Mona's son and his girlfriend have a baby due the 14th so we want to be in the area when she arrives. This is 4 hours closer than we are here. From Mass. we will then relocate the camping to Accord NY, which is only 1/2 hour from them, for at least a few days.
Ramona and I just made reservations at Bonny Rigg Camping Club in Becket Mass. We will be arriving on Friday the 8th and will be there for a week. http://www.bonnyriggcampground.com/rate.htm We are bringing along our golf clubs and our bikes. I have to see if I can make the canoe fit, too. Looking at a trip to Sturbridge Village. Any comments on wheather it is worth the $20 admission fee?
It would be great to meet some of the New England Outbackers. This could be a very informal "rally". I'll be looking into golf courses and other attractions to see what I can find. Even if you wanted to just get together for dinner some evening would be cool. I would love to do a bit of canoing. Ramona has only been in one once on a pond so it would have to be mild.
We're using our Coast 2 Coast for the first time in years. I can't wait to go!


----------



## wolfwood (Sep 19, 2005)

Rubrhammer said:


> Mona's son and his girlfriend have a baby due the 14th so we want to be in the area when she arrives. This is 4 hours closer than we are here. From Mass. we will then relocate the camping to Accord NY, which is only 1/2 hour from them, for at least a few days.
> Ramona and I just made reservations at Bonny Rigg Camping Club in Becket Mass.
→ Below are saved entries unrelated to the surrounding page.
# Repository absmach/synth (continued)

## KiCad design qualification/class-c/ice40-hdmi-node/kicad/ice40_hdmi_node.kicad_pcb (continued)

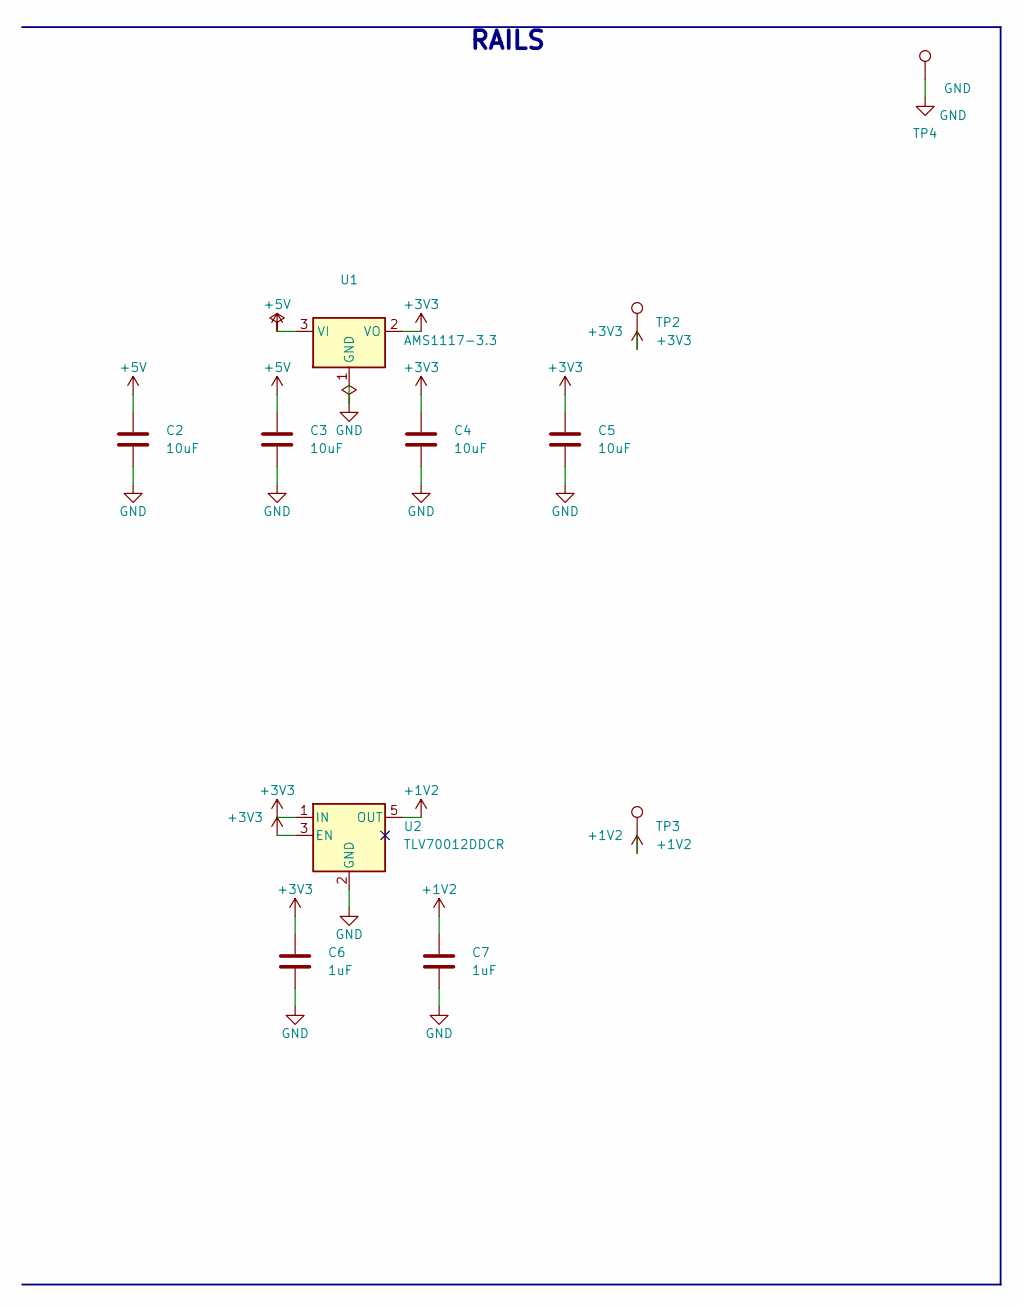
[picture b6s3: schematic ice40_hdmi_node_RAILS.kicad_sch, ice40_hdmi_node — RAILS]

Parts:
C2, C3, C4, C5: 10uF; C_0805_2012Metric
C6, C7: 1uF; C_0603_1608Metric
TP2: +3V3; TestPoint_Pad_D1.5mm
TP3: +1V2; TestPoint_Pad_D1.5mm
TP4: GND; TestPoint_Pad_D1.5mm
U1: AMS1117-3.3; SOT-223-3_TabPin2; MPN AMS1117-3.3; LCSC C6186
U2: TLV70012DDCR; TSOT-23-5; MPN TLV70012DDCR

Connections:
+1V2: C7.1, TP3.1, U2.5 (OUT); also elsewhere on the board
+3V3: C4.1, C5.1, C6.1, TP2.1, U1.2 (VO), U2.1 (IN), U2.3 (EN); also elsewhere on the board
+5V: C2.1, C3.1, U1.3 (VI); also elsewhere on the board
GND: C2.2, C3.2, C4.2, C5.2, C6.2, C7.2, TP4.1, U1.1 (GND), U2.2 (GND); also elsewhere on the board

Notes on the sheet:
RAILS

We will be arriving on Friday the 8th and will be there for a week. http://www.bonnyriggcampground.com/rate.htm We are bringing along our golf clubs and our bikes. I have to see if I can make the canoe fit, too. Looking at a trip to Sturbridge Village. Any comments on wheather it is worth the $20 admission fee?
> It would be great to meet some of the New England Outbackers. This could be a very informal "rally". I'll be looking into golf courses and other attractions to see what I can find. Even if you wanted to just get together for dinner some evening would be cool. I would love to do a bit of canoing. Ramona has only been in one once on a pond so it would have to be mild.
> We're using our Coast 2 Coast for the first time in years. I can't wait to go!


Hi Bob!

Baby due the 14th...of June? We'd love to join you - even if just for dinner, but that's Kath's Motorcycle safety class weekend







Hey - maybe I'll just drive the 3hrs to see you when she goes to her class.







As for Sturbridge Villange - if you're into Colonial Period history, the admission is ABSOLUTELY worth it. we've been several times in our lives and will continue to visit periodically. Its a great re-creation of a very important time in our nation's history!

Wish we could join you - but have a great time and best wishes to Ramona's son & family!!


----------